Eyes On The Pies: At the Coalface of the Amateur Game

Posted on 26th September 2016 by Sally Campbell
Nige Tassell is a music and sport journalist whose work has featured in The Guardian, FourFourTwo and The New Statesman. Here he introduces his new book, The Bottom Corner: A Season With The Dreamers Of Non-League Football, which explores the dedication, love and, of course pies, needed to keep the amateur game alive.

The Blues Brothers famously had half a packet of cigarettes, a full tank of gas and 106 miles to go until they reached Chicago. Amateurs. I too had a full tank, but had replaced the cigarettes with two unopened packets of Mini Cheddars, while my destination was Barton-upon-Humber, a 484-mile, single-day round trip from home in Somerset. They drove the Bluesmobile, a 1974 Dodge Monaco sedan. I was behind the wheel of a 2001 Skoda Fabia with 170,000 miles on the clock.

Admittedly, I’d brought it on myself. This was just one of many such trips I voluntarily undertook for the research of my book, The Bottom Corner: A Season With The Dreamers Of Non-League Football. But who wouldn’t volunteer to embark on a series of road trips to places they’d never been to in order to watch teams few had ever heard of – especially with the reward of piping hot pies and pasties at journey’s end? (And, of course, the opportunity to write 80,000 words about the ensuing adventures.)

Not that the book was intended to be, nor ended up being, a mere chronicle of motorway closures, wonky football grounds and the enthusiastic consumption of pastry-based snacks. As the subtitle suggests, I placed people at its heart. I travelled those thousands of miles – from Glasgow to Worthing and all points in between – to meet, greet and hear the stories of those unheralded folk involved at all levels of the semi-pro and amateur game. I was there to hear their dreams.

Photo (c) Nige Tassell 

It might be the multi-millionaire club owner whose dream was to build a stadium to rival Wembley. It might be the ex-pro still hopeful of winning silverware in the late afternoon of his career. It might be the young buck eager to snag the attention of the scout on the touchline. Or it might simply be the raffle-ticket seller who ultimately wants her ashes to be scattered in the centre circle of the club she’s been supporting for 70-odd years.

I barely scratched the surface. There are tens of thousands of people with such stories to tell in the depths of non-league football. And, usually, interviewing them offers up far more insight and wisdom than interviewing a Premier League player, those whose lives have been cosseted and shrink-wrapped from real life since they were first signed as pre-teens. They rarely have much to say beyond cliché and banality, beyond the party line of both club and sponsor.

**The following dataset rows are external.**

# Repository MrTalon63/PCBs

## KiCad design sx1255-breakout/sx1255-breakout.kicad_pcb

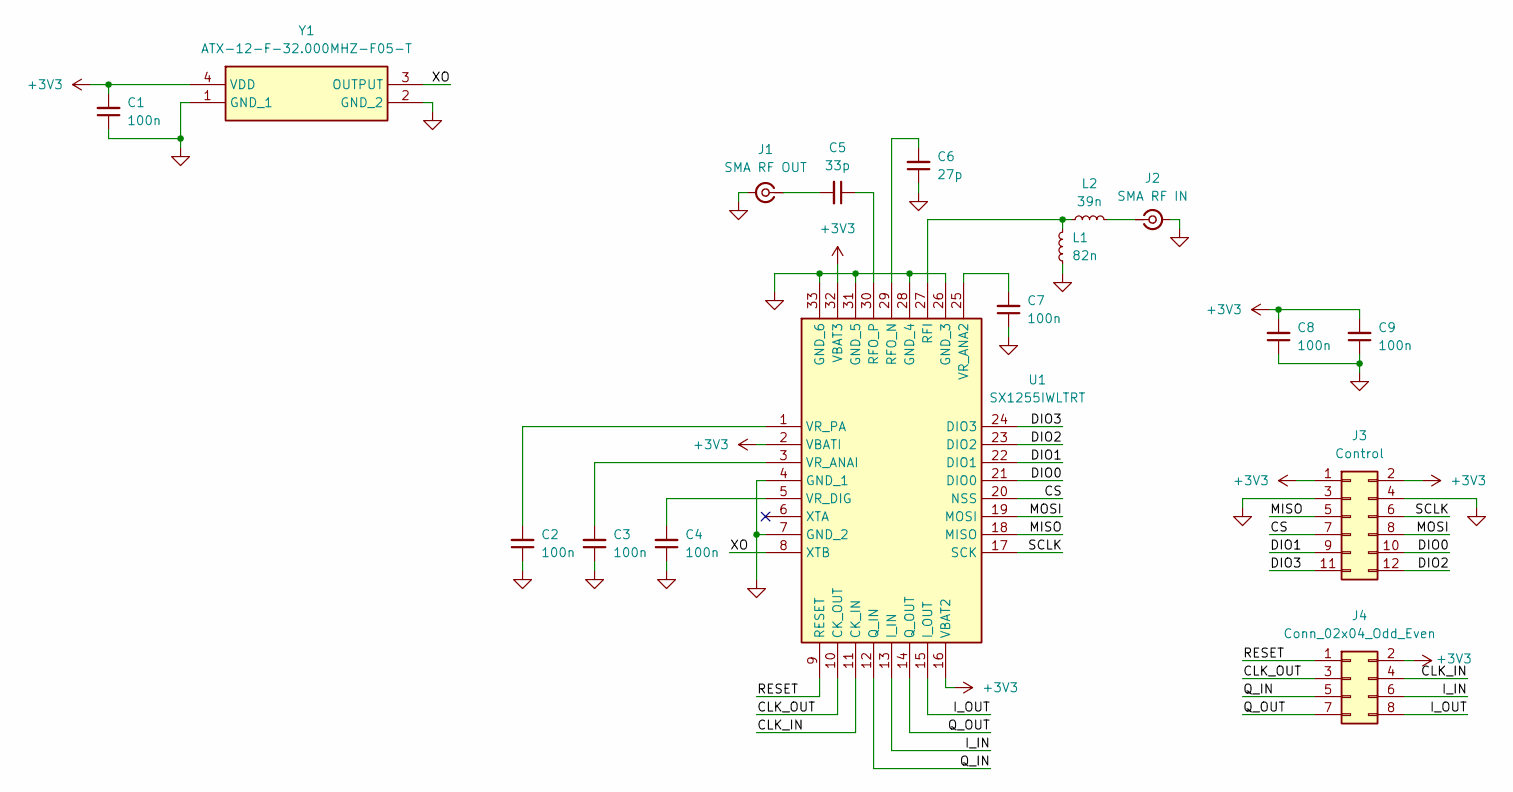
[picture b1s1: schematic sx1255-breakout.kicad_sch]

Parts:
C1, C2, C3, C4, C7, C8, C9: 100n; C_0402_1005Metric
C5: 33p; C_0402_1005Metric
C6: 27p; C_0402_1005Metric
J1: SMA RF OUT; SMA_Samtec_SMA-J-P-H-ST-EM1_EdgeMount
J2: SMA RF IN; SMA_Samtec_SMA-J-P-H-ST-EM1_EdgeMount
J3: Control; PinSocket_2x06_P2.54mm_Vertical
J4: Conn_02x04_Odd_Even; PinSocket_2x04_P2.54mm_Vertical
L1: 82n; L_0402_1005Metric
L2: 39n; L_0402_1005Metric
U1: SX1255IWLTRT; QFN50P500X500X80-33N-D; Mouser Part Number 947-SX1255IWLTRT
Y1: ATX-12-F-32.000MHZ-F05-T; ATX12F32000MHZF05T; Mouser Part Number 815-ATX12F32000MF05T

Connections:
+3V3: C1.2, C8.2, C9.2, J3.1, J3.2, J4.2, U1.2 (VBATI), U1.16 (VBAT2), U1.32 (VBAT3), Y1.4 (VDD)
/CLK_IN: J4.4, U1.11 (CK_IN)
/CLK_OUT: J4.3, U1.10 (CK_OUT)
/CS: J3.7, U1.20 (NSS)
/DIO0: J3.10, U1.21 (DIO0)
/DIO1: J3.9, U1.22 (DIO1)
/DIO2: J3.12, U1.23 (DIO2)
/DIO3: J3.11, U1.24 (DIO3)
/I_IN: J4.6, U1.13 (I_IN)
/I_OUT: J4.8, U1.15 (I_OUT)
/MISO: J3.5, U1.18 (MISO)
/MOSI: J3.8, U1.19 (MOSI)
/Q_IN: J4.5, U1.12 (Q_IN)
/Q_OUT: J4.7, U1.14 (Q_OUT)
/RESET: J4.1, U1.9 (RESET)
/SCLK: J3.6, U1.17 (SCK)
/XO: U1.8 (XTB), Y1.3 (OUTPUT)
GND: C1.1, C2.1, C3.1, C4.1, C6.1, C7.1, C8.1, C9.1, J1.2 (Ext), J2.2 (Ext), J3.3, J3.4, L1.1, U1.4 (GND_1), U1.7 (GND_2), U1.26 (GND_3), U1.28 (GND_4), U1.31 (GND_5), U1.33 (GND_6), Y1.1 (GND_1), Y1.2 (GND_2)
unnamed: C5.2, J1.1 (In)
unnamed: J2.1 (In), L2.2
unnamed: L1.2, L2.1, U1.27 (RFI)
unnamed: C6.2, U1.29 (RFO_N)
unnamed: C5.1, U1.30 (RFO_P)
unnamed: C7.2, U1.25 (VR_ANA2)
unnamed: C3.2, U1.3 (VR_ANAI)
unnamed: C4.2, U1.5 (VR_DIG)
unnamed: C2.2, U1.1 (VR_PA)

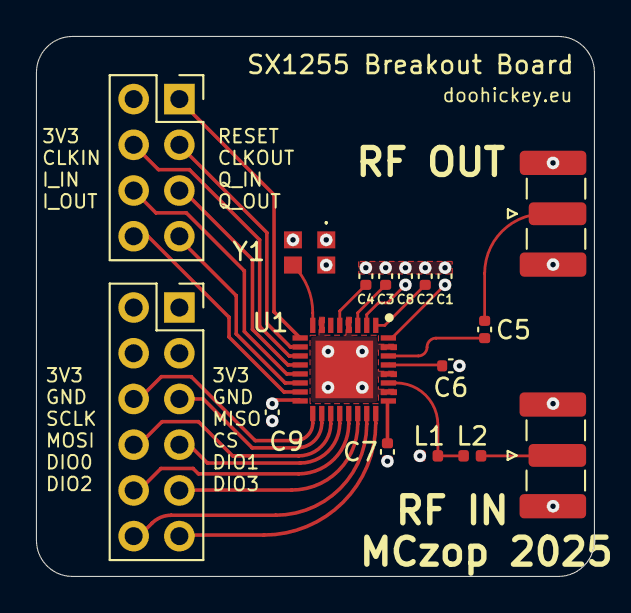
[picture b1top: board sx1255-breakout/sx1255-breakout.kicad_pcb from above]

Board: 6 copper layers, 31.0 x 30.0 mm, 17 parts (0 on the bottom side), 27 nets.

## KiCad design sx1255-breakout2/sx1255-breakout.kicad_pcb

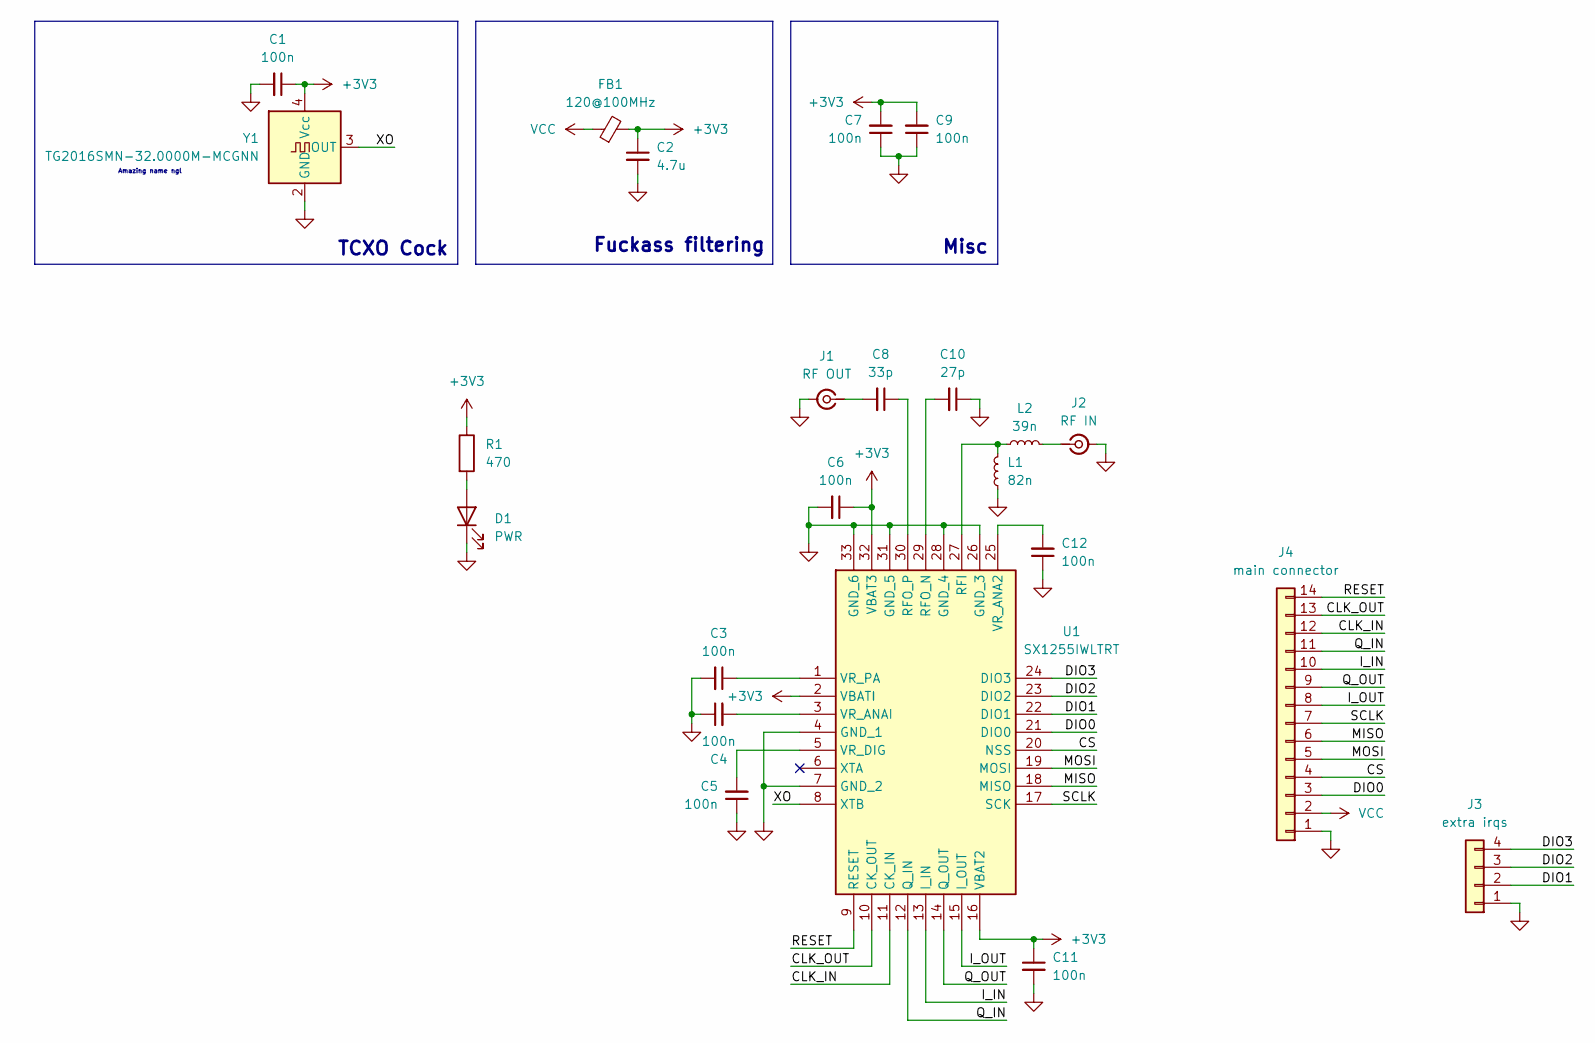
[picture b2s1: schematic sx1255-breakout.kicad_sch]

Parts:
C1, C3, C4, C5, C6, C7, C9, C11, C12: 100n; C_0603_1608Metric_Pad1.08x0.95mm_HandSolder
C2: 4.7u; C_0805_2012Metric_Pad1.18x1.45mm_HandSolder
C8: 33p; C_0603_1608Metric_Pad1.08x0.95mm_HandSolder
C10: 27p; C_0603_1608Metric_Pad1.08x0.95mm_HandSolder
D1: PWR; LED_0805_2012Metric_Pad1.15x1.40mm_HandSolder
FB1: 120@100MHz; L_0603_1608Metric_Pad1.05x0.95mm_HandSolder
J1: RF OUT; SMA_Samtec_SMA-J-P-H-ST-EM1_EdgeMount
J2: RF IN; SMA_Samtec_SMA-J-P-H-ST-EM1_EdgeMount
J3: extra irqs; PinHeader_1x04_P2.54mm_Vertical
J4: main connector; PinHeader_1x14_P2.54mm_Vertical
L1: 82n; L_0603_1608Metric_Pad1.05x0.95mm_HandSolder
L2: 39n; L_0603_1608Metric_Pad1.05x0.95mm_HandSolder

And it’s a world that is, generally, more welcoming and less cynical than the cash-hungry professional game. Clichés do abound about the non-league ‘family’, but every cliché has its basis in truth. As a hard-bitten football journalist familiar with trying to scale the impenetrable defences set up by over-zealous press officers, I wasn’t turned down for a single interview during the book’s research. Everyone was willing to talk, everyone found time. And everyone did so with good grace. As  Match Of The Day presenter Mark Chapman told me at Eastleigh FC before the non-leaguers took on Bolton Wanderers in last season’s FA Cup: “This is the attraction of these kind of places. People are normal and proper and how you would want everyone to be.”

Normal people but fascinating stories. A world away from the notions of image rights, official partners and players owning entire fleets of supercars. And, perhaps most importantly, a world where the price of a pie won’t require the renegotiation of your mortgage.